Moi, j’avais des frissons. Le privilège que j’avais ! Le journaliste qui peut passer quelques heures avec lui se sent privilégié… moi, j’ai passé 15 mois ! Des fois on travaillait, on répétait, on discutait, je voyais qu’il était épuisé… et là, il se mettait à raconter des histoires. Je me disais : Corcoran, t’es chanceux, tsé.

Ce sont des arrangements très contemporains que vous avez faits.

Je n’aurais pas voulu que ce soit autrement. Il fallait que ça sonne comme les meilleurs disques d’aujourd’hui, parce que Gilles le mérite, et qu’on avait l’équipe pour le faire. Il n’y a rien de vieillot. Jamais il n’y a eu d’hésitation de sa part, il voulait avancer. Mais il y avait toujours une discussion. Des fois, je faisais des propositions et il disait : « Pas sûr. » C’était un work in progress et, ultimement, c’est lui qui décidait. Mais il était bien plus disponible que je pensais qu’il allait l’être.

Il vous a fait confiance.

Oui. Et il a fait preuve d’audace ! D’habitude, ses disques, c’est piano-voix. Là, il y a des chansons avec de la harpe, du hautbois, un quatuor à cordes… C’est très dénudé, jamais il n’est enterré, jamais ce n’est gonflé. Ce sont les mots, les intentions, les sentiments de Gilles qui sont soutenus. Avec Claude, on s’est assurés qu’il n’y ait pas un mot qu’on manque.

Un jour, allez-vous vous pincer en vous disant : « j’ai fait ça dans ma vie » ?

Dans ma carrière, on m’a proposé des choses extraordinaires. Il y a 30 ans, Nelligan. Il y a quelques années, Miron. Et là, Vigneault m’appelle ? Je remercie le cosmos. Je n’ai pas couru après ça, mais ça m’oblige à être à la hauteur de ce qu’on me confie. Et il me confiait beaucoup, ses textes et ses chansons, il ne fallait pas les gâcher ! Je suis très, très fier… et j’essaie de contenir mes superlatifs.

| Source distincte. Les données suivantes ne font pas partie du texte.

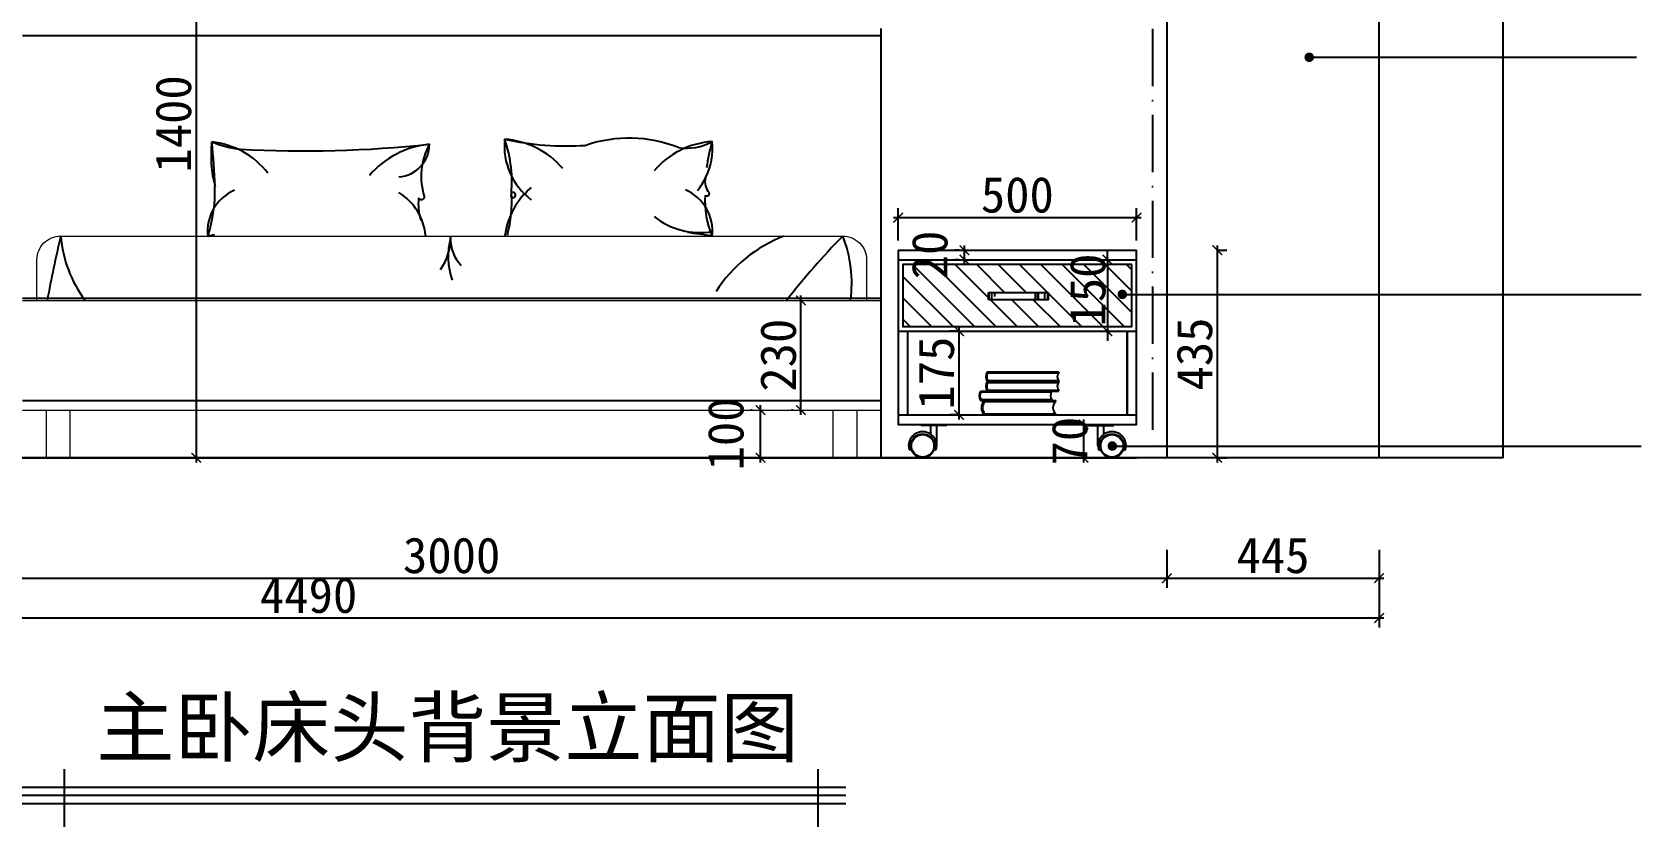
# Model space of a CAD drawing. Header units: millimetres. Extents: x 71641 to 191108, y -23091 to 29972.
# Drawn here: x 123763 to 127129, y -5336 to -3670 of the extents above; entities that cross this region are included whole.
import ezdxf

# ---------------------------------------------------------------- set-up
doc = ezdxf.new("R2010")
doc.units = ezdxf.units.MM
doc.linetypes.add('ACAD_ISO10W100', pattern=[18, 12, -3, 0, -3])
for name, color, linetype in [('00', 1, 'Continuous'), ('3', 5, 'Continuous'), ('7', 7, 'Continuous'), ('FUR', 3, 'Continuous')]:
    doc.layers.add(name, color=color, linetype=linetype)
doc.layers.add('4', color=4, linetype='Continuous', lineweight=5)
doc.layers.add('8', color=8, linetype='Continuous', lineweight=0)
doc.styles.add('30', font='SimSun.ttf', dxfattribs={"height": 75})
doc.styles.get("Standard").update_dxf_attribs({"font": 'SimSun.ttf', "height": 150})
doc.dimstyles.new('30', dxfattribs={"dimscale": 0, "dimtxt": 90, "dimasz": 20, "dimexe": 20, "dimexo": 20, "dimgap": 10, "dimtad": 1, "dimdec": 0, "dimzin": 0, "dimdsep": 46, "dimtxsty": '30', "dimblk": 'ARCHTICK', "dimcen": 20, "dimdle": 10, "dimclrd": 8, "dimclre": 8, "dimclrt": 2, "dimadec": 0, "dimazin": 0, "dimtfac": 1, "dimtdec": 0, "dimtmove": 2, "dimatfit": 3, "dimldrblk": 'DOT', "dimfxl": 0, "dimtolj": 2, "dimtzin": 0, "dimlwd": -1, "dimarcsym": 0})

# ---------------------------------------------------------------- blocks, each defined once
blk = doc.blocks.new('_ARCHTICK')
at = {"color": 0, "linetype": 'ByBlock', "const_width": 0.15}
blk.add_lwpolyline([(-0.5, -0.5), (0.5, 0.5)], dxfattribs=at)
blk = doc.blocks.new('*D218')
at = {"color": 8, "lineweight": -2}
blk.add_line((124123, -3162.5), (124087.3, -3162.5), dxfattribs=at)
at = {"color": 8}
blk.add_line((124107.3, -3152.5), (124107.3, -4572.5), dxfattribs=at)
at = {"layer": 'Defpoints', "color": 0}
for p in [(124143, -3162.5), (124107.3, -4562.5), (124107.3, -4562.5)]:
    blk.add_point(p, dxfattribs=at)
at = {"color": 8, "xscale": 20, "yscale": 20, "zscale": 20}
for p, rotation in [((124107.3, -3162.5), 90), ((124107.3, -4562.5), 270)]:
    blk.add_blockref('_ARCHTICK', p, dxfattribs=dict(at, rotation=rotation))
at = {"color": 2, "insert": (124059.8, -3862.5), "char_height": 75, "attachment_point": 5, "rotation": 90, "style": '30'}
blk.add_mtext('\\A2;1400', dxfattribs=at)
blk = doc.blocks.new('_Dot')
at = {"color": 0, "linetype": 'ByBlock', "lineweight": -2}
blk.add_line((-0.5, 0), (-1, 0), dxfattribs=at)
at = {"color": 0, "linetype": 'ByBlock', "const_width": 0.5}
blk.add_lwpolyline([(-0.25, 0, 1), (0.25, 0, 1)], format="xyb", close=True, dxfattribs=at)
blk = doc.blocks.new('DOT')
at = {"color": 0, "linetype": 'ByBlock'}
blk.add_line((-0.5, 0), (-1, 0), dxfattribs=at)
at = {"color": 0, "linetype": 'ByBlock', "const_width": 0.5}
blk.add_lwpolyline([(-0.25, 0, 1), (0.25, 0, 1)], format="xyb", close=True, dxfattribs=at)
blk = doc.blocks.new('*D221')
at = {"color": 8, "lineweight": -2}
for p, q in [((123143, -4762.6), (123143, -4834.9)), ((126143, -4755.3), (126143, -4834.9))]:
    blk.add_line(p, q, dxfattribs=at)
at = {"color": 8}
blk.add_line((123133, -4814.9), (126153, -4814.9), dxfattribs=at)
at = {"layer": 'Defpoints', "color": 0}
for p in [(123143, -4742.6), (126143, -4735.3), (126143, -4814.9)]:
    blk.add_point(p, dxfattribs=at)
at = {"color": 8, "xscale": 20, "yscale": 20, "zscale": 20, "rotation": 180}
blk.add_blockref('_ARCHTICK', (123143, -4814.9), dxfattribs=at)
at = {"color": 8, "xscale": 20, "yscale": 20, "zscale": 20}
blk.add_blockref('_ARCHTICK', (126143, -4814.9), dxfattribs=at)
at = {"color": 2, "insert": (124643, -4767.4), "char_height": 75, "attachment_point": 5, "style": '30'}
blk.add_mtext('\\A2;3000', dxfattribs=at)
blk = doc.blocks.new('*D222')
at = {"color": 8, "lineweight": -2}
for p, q in [((122098, -4755.3), (122098, -4918.3)), ((126588, -4755.3), (126588, -4918.3))]:
    blk.add_line(p, q, dxfattribs=at)
at = {"color": 8}
blk.add_line((122088, -4898.3), (126598, -4898.3), dxfattribs=at)
at = {"layer": 'Defpoints', "color": 0}
for p in [(122098, -4735.3), (126588, -4735.3), (126588, -4898.3)]:
    blk.add_point(p, dxfattribs=at)
at = {"color": 8, "xscale": 20, "yscale": 20, "zscale": 20, "rotation": 180}
blk.add_blockref('_ARCHTICK', (122098, -4898.3), dxfattribs=at)
at = {"color": 8, "xscale": 20, "yscale": 20, "zscale": 20}
blk.add_blockref('_ARCHTICK', (126588, -4898.3), dxfattribs=at)
at = {"color": 2, "insert": (124343, -4850.8), "char_height": 75, "attachment_point": 5, "style": '30'}
blk.add_mtext('\\A2;4490', dxfattribs=at)
blk = doc.blocks.new('*D450')
at = {"color": 8, "lineweight": -2}
for p, q in [((126143, -4755.3), (126143, -4834.9)), ((126588, -4755.3), (126588, -4834.9))]:
    blk.add_line(p, q, dxfattribs=at)
at = {"color": 8}
blk.add_line((126133, -4814.9), (126598, -4814.9), dxfattribs=at)
at = {"layer": 'Defpoints', "color": 0}
for p in [(126143, -4735.3), (126588, -4735.3), (126588, -4814.9)]:
    blk.add_point(p, dxfattribs=at)
at = {"color": 8, "xscale": 20, "yscale": 20, "zscale": 20, "rotation": 180}
blk.add_blockref('_ARCHTICK', (126143, -4814.9), dxfattribs=at)
at = {"color": 8, "xscale": 20, "yscale": 20, "zscale": 20}
blk.add_blockref('_ARCHTICK', (126588, -4814.9), dxfattribs=at)
at = {"color": 2, "insert": (126365.5, -4767.4), "char_height": 75, "attachment_point": 5, "style": '30'}
blk.add_mtext('\\A2;445', dxfattribs=at)
blk = doc.blocks.new('*D451')
at = {"color": 8, "lineweight": -2}
for p, q in [((125273.5, -4462.5), (125270.7, -4462.5)), ((125273.5, -4562.5), (125270.7, -4562.5))]:
    blk.add_line(p, q, dxfattribs=at)
at = {"color": 8}
blk.add_line((125290.7, -4572.5), (125290.7, -4452.5), dxfattribs=at)
at = {"layer": 'Defpoints', "color": 0}
for p in [(125290.7, -4462.5), (125293.5, -4462.5), (125293.5, -4562.5)]:
    blk.add_point(p, dxfattribs=at)
at = {"color": 8, "xscale": 20, "yscale": 20, "zscale": 20}
for p, rotation in [((125290.7, -4462.5), 90), ((125290.7, -4562.5), 270)]:
    blk.add_blockref('_ARCHTICK', p, dxfattribs=dict(at, rotation=rotation))
at = {"color": 2, "insert": (125218.2, -4512.5), "char_height": 75, "attachment_point": 5, "rotation": 90, "style": '30'}
blk.add_mtext('\\A2;100', dxfattribs=at)
blk = doc.blocks.new('*D452')
at = {"color": 8}
blk.add_line((125375.6, -4472.5), (125375.6, -4222.5), dxfattribs=at)
at = {"color": 8, "lineweight": -2}
blk.add_line((125358.4, -4462.5), (125355.6, -4462.5), dxfattribs=at)
at = {"layer": 'Defpoints', "color": 0}
for p in [(125375.6, -4232.5), (125375.6, -4232.5), (125378.4, -4462.5)]:
    blk.add_point(p, dxfattribs=at)
at = {"color": 8, "xscale": 20, "yscale": 20, "zscale": 20}
for p, rotation in [((125375.6, -4232.5), 90), ((125375.6, -4462.5), 270)]:
    blk.add_blockref('_ARCHTICK', p, dxfattribs=dict(at, rotation=rotation))
at = {"color": 2, "insert": (125328.1, -4347.5), "char_height": 75, "attachment_point": 5, "rotation": 90, "style": '30'}
blk.add_mtext('\\A2;230', dxfattribs=at)
blk = doc.blocks.new('*D453')
at = {"color": 8, "lineweight": -2}
for p, q in [((125950.9, -4492.5), (125948.1, -4492.5)), ((125950.9, -4562.5), (125948.1, -4562.5))]:
    blk.add_line(p, q, dxfattribs=at)
at = {"color": 8}
blk.add_line((125968.1, -4482.5), (125968.1, -4572.5), dxfattribs=at)
at = {"layer": 'Defpoints', "color": 0}
for p in [(125970.9, -4492.5), (125968.1, -4562.5), (125970.9, -4562.5)]:
    blk.add_point(p, dxfattribs=at)
at = {"color": 8, "xscale": 20, "yscale": 20, "zscale": 20}
for p, rotation in [((125968.1, -4492.5), 90), ((125968.1, -4562.5), 270)]:
    blk.add_blockref('_ARCHTICK', p, dxfattribs=dict(at, rotation=rotation))
at = {"color": 2, "insert": (125939.4, -4527.5), "char_height": 75, "attachment_point": 5, "rotation": 90, "style": '30'}
blk.add_mtext('\\A2;70', dxfattribs=at)
blk = doc.blocks.new('*D454')
at = {"color": 8, "lineweight": -2}
for p, q in [((125707.2, -4297.2), (125687.2, -4297.2)), ((125707.2, -4472.5), (125687.2, -4472.5))]:
    blk.add_line(p, q, dxfattribs=at)
at = {"color": 8}
blk.add_line((125707.2, -4482.5), (125707.2, -4287.2), dxfattribs=at)
at = {"layer": 'Defpoints', "color": 0}
for p in [(125707.2, -4297.2), (125727.2, -4297.2), (125727.2, -4472.5)]:
    blk.add_point(p, dxfattribs=at)
at = {"color": 8, "xscale": 20, "yscale": 20, "zscale": 20}
for p, rotation in [((125707.2, -4297.2), 90), ((125707.2, -4472.5), 270)]:
    blk.add_blockref('_ARCHTICK', p, dxfattribs=dict(at, rotation=rotation))
at = {"color": 2, "insert": (125659.7, -4384.9), "char_height": 75, "attachment_point": 5, "rotation": 90, "style": '30'}
blk.add_mtext('\\A2;175', dxfattribs=at)
blk = doc.blocks.new('*D455')
at = {"color": 8}
for p, q in [((126018.3, -4147.2), (126018.3, -4127.2)), ((126018.3, -4147.2), (126018.3, -4297.2)), ((126018.3, -4297.2), (126018.3, -4317.2))]:
    blk.add_line(p, q, dxfattribs=at)
at = {"color": 8, "lineweight": -2}
for p, q in [((126033.4, -4147.2), (126038.3, -4147.2)), ((126033.4, -4297.2), (126038.3, -4297.2))]:
    blk.add_line(p, q, dxfattribs=at)
at = {"layer": 'Defpoints', "color": 0}
for p in [(126013.4, -4147.2), (126013.4, -4297.2), (126018.3, -4297.2)]:
    blk.add_point(p, dxfattribs=at)
at = {"color": 8, "xscale": 20, "yscale": 20, "zscale": 20}
for p, rotation in [((126018.3, -4147.2), 270), ((126018.3, -4297.2), 90)]:
    blk.add_blockref('_ARCHTICK', p, dxfattribs=dict(at, rotation=rotation))
at = {"color": 2, "insert": (125977.2, -4210.8), "char_height": 75, "attachment_point": 5, "rotation": 90, "style": '30'}
blk.add_mtext('\\A2;150', dxfattribs=at)
blk = doc.blocks.new('*D456')
at = {"color": 8, "lineweight": -2}
for p, q in [((125706.5, -4127.2), (125698.4, -4127.2)), ((125706.5, -4147.2), (125698.4, -4147.2))]:
    blk.add_line(p, q, dxfattribs=at)
at = {"color": 8}
blk.add_line((125718.4, -4157.2), (125718.4, -4117.2), dxfattribs=at)
at = {"layer": 'Defpoints', "color": 0}
for p in [(125718.4, -4127.2), (125726.5, -4127.2), (125726.5, -4147.2)]:
    blk.add_point(p, dxfattribs=at)
at = {"color": 8, "xscale": 20, "yscale": 20, "zscale": 20}
for p, rotation in [((125718.4, -4127.2), 90), ((125718.4, -4147.2), 270)]:
    blk.add_blockref('_ARCHTICK', p, dxfattribs=dict(at, rotation=rotation))
at = {"color": 2, "insert": (125645.9, -4137.2), "char_height": 75, "attachment_point": 5, "rotation": 90, "style": '30'}
blk.add_mtext('\\A2;20', dxfattribs=at)
blk = doc.blocks.new('*D457')
at = {"color": 8}
blk.add_line((126248.7, -4117.2), (126248.7, -4572.5), dxfattribs=at)
at = {"color": 8, "lineweight": -2}
for p, q in [((126249.4, -4127.2), (126268.7, -4127.2)), ((126249.4, -4562.5), (126268.7, -4562.5))]:
    blk.add_line(p, q, dxfattribs=at)
at = {"layer": 'Defpoints', "color": 0}
for p in [(126229.4, -4127.2), (126229.4, -4562.5), (126248.7, -4562.5)]:
    blk.add_point(p, dxfattribs=at)
at = {"color": 8, "xscale": 20, "yscale": 20, "zscale": 20}
for p, rotation in [((126248.7, -4127.2), 90), ((126248.7, -4562.5), 270)]:
    blk.add_blockref('_ARCHTICK', p, dxfattribs=dict(at, rotation=rotation))
at = {"color": 2, "insert": (126201.2, -4344.9), "char_height": 75, "attachment_point": 5, "rotation": 90, "style": '30'}
blk.add_mtext('\\A2;435', dxfattribs=at)
blk = doc.blocks.new('*D458')
at = {"color": 8}
blk.add_line((125569.3, -4059), (126089.3, -4059), dxfattribs=at)
at = {"color": 8, "lineweight": -2}
for p, q in [((125579.3, -4107.2), (125579.3, -4039)), ((126079.3, -4107.2), (126079.3, -4039))]:
    blk.add_line(p, q, dxfattribs=at)
at = {"layer": 'Defpoints', "color": 0}
for p in [(126079.3, -4059), (125579.3, -4127.2), (126079.3, -4127.2)]:
    blk.add_point(p, dxfattribs=at)
at = {"color": 8, "xscale": 20, "yscale": 20, "zscale": 20, "rotation": 180}
blk.add_blockref('_ARCHTICK', (125579.3, -4059), dxfattribs=at)
at = {"color": 8, "xscale": 20, "yscale": 20, "zscale": 20}
blk.add_blockref('_ARCHTICK', (126079.3, -4059), dxfattribs=at)
at = {"color": 2, "insert": (125829.3, -4011.5), "char_height": 75, "attachment_point": 5, "style": '30'}
blk.add_mtext('\\A2;500', dxfattribs=at)

msp = doc.modelspace()

# ---------------------------------------------------------------- hatches: boundary and pattern name
h = msp.add_hatch()
h.set_pattern_fill('ANSI31', color=31, scale=10, style=0)
h.set_pattern_definition([(135, (249286.038, 0), (22.45064, 22.45064), [])])
h.paths.add_polyline_path([(125589.3, -4157.2), (125589.3, -4287.2), (126069.3, -4287.2), (126069.3, -4157.2)])
h.paths.add_polyline_path([(125770.5, -4215.8), (125893.7, -4215.8), (125893.7, -4231.1), (125770.5, -4231.1)], flags=16)
at = {"ltscale": 0.5}
h = msp.add_hatch(dxfattribs=at)
h.set_pattern_fill('AR-RROOF', color=191, scale=0.768, angle=270, style=0)
h.set_pattern_definition([(90, (152715.436, -66044.563), (19.5072, 42.91584), [292.608, -39.0144, 97.536, -19.5072]), (90, (152725.19, -66018.62), (25.944576, -19.5072), [58.5216, -6.437376, 117.0432, -14.6304]), (90, (152732.017, -66034.81), (13.069824, 101.43744), [156.0576, -27.31008, 78.0288, -19.5072])])
h.paths.add_polyline_path([(125866.6, -4215.8), (125893.7, -4215.8), (125893.7, -4231.1), (125866.6, -4231.1)])
h.paths.add_polyline_path([(125790.3, -4231.1), (125764.5, -4231.1), (125764.5, -4215.8), (125790.3, -4215.8)])

# ---------------------------------------------------------------- linework, layer by layer
at = {"color": 0}
for p, q in [((126848, -4562.5), (126848, -1762.5)), ((126588, -4562.5), (126588, -2222.5)), ((126848, -4562.5), (122098, -4562.5))]:
    msp.add_line(p, q, dxfattribs=at)
at = {"color": 210, "linetype": 'ACAD_ISO10W100', "ltscale": 10}
msp.add_line((126113, -2222.5), (126113, -4562.5), dxfattribs=at)
at = {"color": 1}
msp.add_line((126143, -2222.5), (126143, -4562.5), dxfattribs=at)
at = {"color": 8}
for p, q in [((125866.6, -4215.8), (125866.6, -4231.1)), ((125579.3, -4562.5), (126079.3, -4562.5))]:
    msp.add_line(p, q, dxfattribs=at)
at = {"color": 4}
for p, q in [((125599.3, -4297.2), (125599.3, -4472.5)), ((125599.3, -4297.2), (125599.3, -4472.5)), ((126059.3, -4297.2), (126059.3, -4472.5)), ((126059.3, -4472.5), (126059.3, -4297.2)), ((125579.3, -4472.5), (126079.3, -4472.5))]:
    msp.add_line(p, q, dxfattribs=at)
for points in [[(125579.3, -4127.2), (125579.3, -4492.5), (126079.3, -4492.5), (126079.3, -4127.2)], [(125579.3, -4127.2), (126079.3, -4127.2)], [(125579.3, -4147.2), (126079.3, -4147.2)], [(125579.3, -4147.2), (126079.3, -4147.2)], [(125579.3, -4297.2), (126079.3, -4297.2)]]:
    msp.add_lwpolyline(points, dxfattribs=at)
at = {"color": 8}
for points in [[(126069.3, -4157.2), (125589.3, -4157.2), (125589.3, -4287.2), (126069.3, -4287.2)], [(125893.7, -4215.8), (125893.7, -4231.1), (125770.5, -4231.1), (125770.5, -4215.8)]]:
    msp.add_lwpolyline(points, close=True, dxfattribs=at)
at = {"layer": '00', "color": 8, "lineweight": -2}
for p, q in [((123830.4, -5215.4), (123830.4, -5336.3)), ((125410.9, -5215.4), (125410.9, -5336.3)), ((125469.7, -5253.7), (123733.4, -5253.7)), ((125469.7, -5287.8), (123733.4, -5287.8))]:
    msp.add_line(p, q, dxfattribs=at)
at = {"layer": '00', "color": 2, "lineweight": -2}
msp.add_line((125469.7, -5270.8), (123733.4, -5270.8), dxfattribs=at)
at = {"layer": '3'}
for p, q in [((125543.2, -3677.5), (123743.2, -3677.5)), ((123743.2, -4227.5), (125543.2, -4227.5)), ((125766.4, -4382.5), (125916.4, -4382.5)), ((125766.4, -4402.5), (125916.4, -4402.5)), ((125766.4, -4402.5), (125916.4, -4402.5)), ((125767.4, -4384.5), (125915.1, -4384.5)), ((125767.4, -4400.5), (125915.1, -4400.5)), ((125767.4, -4404.5), (125915.1, -4404.5)), ((125752.3, -4422.5), (125902.3, -4422.5)), ((125753.4, -4424.5), (125901.1, -4424.5)), ((125753.4, -4440.5), (125901.1, -4440.5)), ((125766.4, -4422.5), (125916.4, -4422.5)), ((125767.4, -4420.5), (125915.1, -4420.5)), ((125752.3, -4442.5), (125902.3, -4442.5)), ((125760.4, -4442.5), (125910.4, -4442.5)), ((125760.4, -4472.5), (125910.4, -4472.5)), ((125761.3, -4444.5), (125908.6, -4444.5)), ((125761.3, -4470.5), (125908.6, -4470.5))]:
    msp.add_line(p, q, dxfattribs=at)
for centre in [(125630.8, -4537.3), (126027.8, -4537.3)]:
    msp.add_circle(centre, 23.6, dxfattribs=at)
for centre, radius, start, end in [((124378.9, -3929.9), 240.6, 172.9375, 195.4037), ((124221.2, -3704.2), 212.3, 247.5179, 264.267), ((122870.1, -4039.9), 1277.7, 2.0679, 6.2733), ((124121.8, -4071.4), 172.1, 37.7672, 83.9015), ((124893.4, -3909), 139.9, 174.11, 233.4289), ((124497, -3984.2), 272.3, 353.4947, 19.1867), ((124741.8, -4070.6), 176.4, 40.4189, 85.9871), ((124885, -3292.3), 616.4, 257.7438, 273.6284), ((125014.9, -4171.5), 279.2, 68.2026, 108.9817), ((125201.7, -4075.4), 176.4, 94.0129, 139.5811), ((125135, -3801), 112.5, 261.5958, 298.9092), ((125050.2, -3913.8), 139.9, 333.7371, 5.89), ((125546.5, -4004.5), 372.3, 163.6046, 172.3273), ((124335.3, -1485.3), 2433.8, 266.8134, 276.1602), ((124615.2, -4094.7), 190.5, 95.6237, 139.4452), ((124527.2, -3904.6), 69.3, 274.3185, 359.5967), ((124716.4, -3972.3), 137.5, 150.7333, 198.7321), ((124224.4, -4087.2), 93.2, 113.2665, 186.3699), ((123845.4, -4003.9), 301.3, 341.885, 2.2029), ((124910.7, -4116.6), 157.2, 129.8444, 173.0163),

Avoir une telle ouverture à 93 ans, c’est fascinant.

C’est très inspirant. Je me dis : mais qu’est-ce que je vais faire dans 20 ans, moi ? Gilles, c’est un phénomène. En mars, on avait placé des dates pour enregistrer des voix. Et puis, il m’appelle et il me dit : « Jim, je ne peux pas chanter cette semaine. » Je me dis : oh boy, il y a un problème… « Les sucres ont commencé. Il faut que je fasse les sucres. » Je l’aurais serré dans mes bras. Ça, c’est la vie, ça, c’est ailleurs. Il est ailleurs, Gilles. Et il fallait l’accompagner pour que l’ailleurs qu’on propose soit aussi beau que l’ailleurs qui existe déjà en lui.